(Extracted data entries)

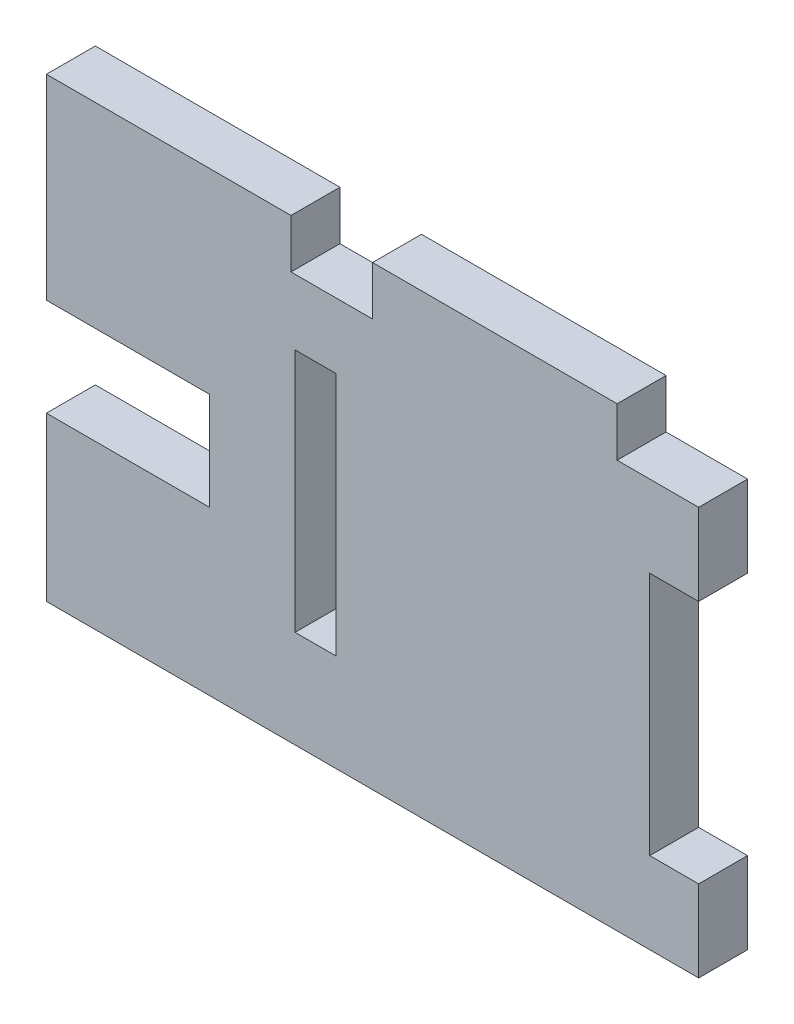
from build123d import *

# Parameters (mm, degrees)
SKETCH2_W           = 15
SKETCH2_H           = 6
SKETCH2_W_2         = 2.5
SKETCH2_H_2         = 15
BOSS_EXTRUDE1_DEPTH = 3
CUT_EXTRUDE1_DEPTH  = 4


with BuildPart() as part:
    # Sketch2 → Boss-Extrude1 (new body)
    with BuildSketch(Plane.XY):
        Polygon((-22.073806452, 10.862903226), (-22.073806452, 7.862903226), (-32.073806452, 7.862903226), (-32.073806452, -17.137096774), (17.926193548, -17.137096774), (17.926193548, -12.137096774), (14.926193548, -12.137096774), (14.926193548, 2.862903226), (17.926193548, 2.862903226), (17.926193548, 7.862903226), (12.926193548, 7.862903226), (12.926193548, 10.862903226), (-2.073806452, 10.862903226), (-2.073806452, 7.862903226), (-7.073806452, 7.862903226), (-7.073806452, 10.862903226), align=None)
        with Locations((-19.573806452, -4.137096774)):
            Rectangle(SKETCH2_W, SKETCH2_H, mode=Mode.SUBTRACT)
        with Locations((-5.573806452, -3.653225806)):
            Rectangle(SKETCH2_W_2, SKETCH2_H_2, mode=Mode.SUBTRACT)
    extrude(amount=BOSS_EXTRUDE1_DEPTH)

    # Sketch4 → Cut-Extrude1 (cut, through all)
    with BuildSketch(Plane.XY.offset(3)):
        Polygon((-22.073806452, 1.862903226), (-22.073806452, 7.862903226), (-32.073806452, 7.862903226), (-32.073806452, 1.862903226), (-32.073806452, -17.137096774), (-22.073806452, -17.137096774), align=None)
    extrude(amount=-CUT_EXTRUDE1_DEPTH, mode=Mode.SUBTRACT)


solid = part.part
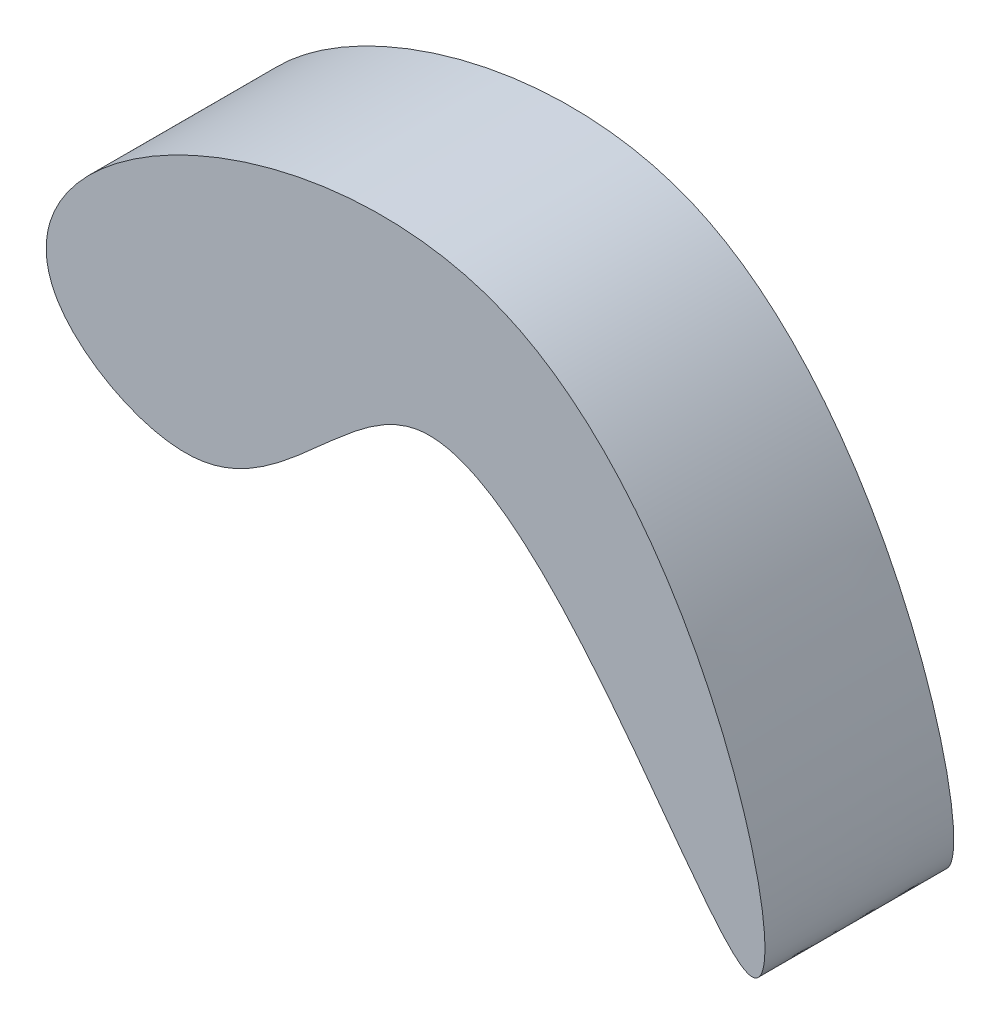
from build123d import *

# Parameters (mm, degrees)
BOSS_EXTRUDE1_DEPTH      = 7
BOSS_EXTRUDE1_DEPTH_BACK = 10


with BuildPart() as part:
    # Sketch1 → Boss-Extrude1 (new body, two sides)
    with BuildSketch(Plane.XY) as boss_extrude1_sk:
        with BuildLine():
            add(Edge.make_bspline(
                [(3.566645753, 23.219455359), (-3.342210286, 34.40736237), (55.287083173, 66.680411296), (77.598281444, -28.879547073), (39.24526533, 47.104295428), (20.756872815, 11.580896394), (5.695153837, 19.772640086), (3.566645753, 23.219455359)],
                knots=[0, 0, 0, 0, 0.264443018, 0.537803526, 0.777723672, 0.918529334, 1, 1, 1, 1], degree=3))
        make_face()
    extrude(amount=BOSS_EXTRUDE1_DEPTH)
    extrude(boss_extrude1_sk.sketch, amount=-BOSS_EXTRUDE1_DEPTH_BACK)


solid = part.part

§ **EXERCISE DESCRIPTION**:
Each line above must be repeated exactly in the answer, with pictures omitted.

§ **TASK SOLUTION**:
from build123d import *

# Parameters (mm, degrees)
SKETCH2_W           = 15
SKETCH2_H           = 6
SKETCH2_W_2         = 2.5
SKETCH2_H_2         = 15
BOSS_EXTRUDE1_DEPTH = 3
CUT_EXTRUDE1_DEPTH  = 4


with BuildPart() as part:
    # Sketch2 → Boss-Extrude1 (new body)
    with BuildSketch(Plane.XY):
        Polygon((-22.073806452, 10.862903226), (-22.073806452, 7.862903226), (-32.073806452, 7.862903226), (-32.073806452, -17.137096774), (17.926193548, -17.137096774), (17.926193548, -12.137096774), (14.926193548, -12.137096774), (14.926193548, 2.862903226), (17.926193548, 2.862903226), (17.926193548, 7.862903226), (12.926193548, 7.862903226), (12.926193548, 10.862903226), (-2.073806452, 10.862903226), (-2.073806452, 7.862903226), (-7.073806452, 7.862903226), (-7.073806452, 10.862903226), align=None)
        with Locations((-19.573806452, -4.137096774)):
            Rectangle(SKETCH2_W, SKETCH2_H, mode=Mode.SUBTRACT)
        with Locations((-5.573806452, -3.653225806)):
            Rectangle(SKETCH2_W_2, SKETCH2_H_2, mode=Mode.SUBTRACT)
    extrude(amount=BOSS_EXTRUDE1_DEPTH)

    # Sketch4 → Cut-Extrude1 (cut, through all)
    with BuildSketch(Plane.XY.offset(3)):
        Polygon((-22.073806452, 1.862903226), (-22.073806452, 7.862903226), (-32.073806452, 7.862903226), (-32.073806452, 1.862903226), (-32.073806452, -17.137096774), (-22.073806452, -17.137096774), align=None)
    extrude(amount=-CUT_EXTRUDE1_DEPTH, mode=Mode.SUBTRACT)


solid = part.part
from build123d import *

# Parameters (mm, degrees)
BOSS_EXTRUDE1_DEPTH      = 7
BOSS_EXTRUDE1_DEPTH_BACK = 10


with BuildPart() as part:
    # Sketch1 → Boss-Extrude1 (new body, two sides)
    with BuildSketch(Plane.XY) as boss_extrude1_sk:
        with BuildLine():
            add(Edge.make_bspline(
                [(3.566645753, 23.219455359), (-3.342210286, 34.40736237), (55.287083173, 66.680411296), (77.598281444, -28.879547073), (39.24526533, 47.104295428), (20.756872815, 11.580896394), (5.695153837, 19.772640086), (3.566645753, 23.219455359)],
                knots=[0, 0, 0, 0, 0.264443018, 0.537803526, 0.777723672, 0.918529334, 1, 1, 1, 1], degree=3))
        make_face()
    extrude(amount=BOSS_EXTRUDE1_DEPTH)
    extrude(boss_extrude1_sk.sketch, amount=-BOSS_EXTRUDE1_DEPTH_BACK)


solid = part.part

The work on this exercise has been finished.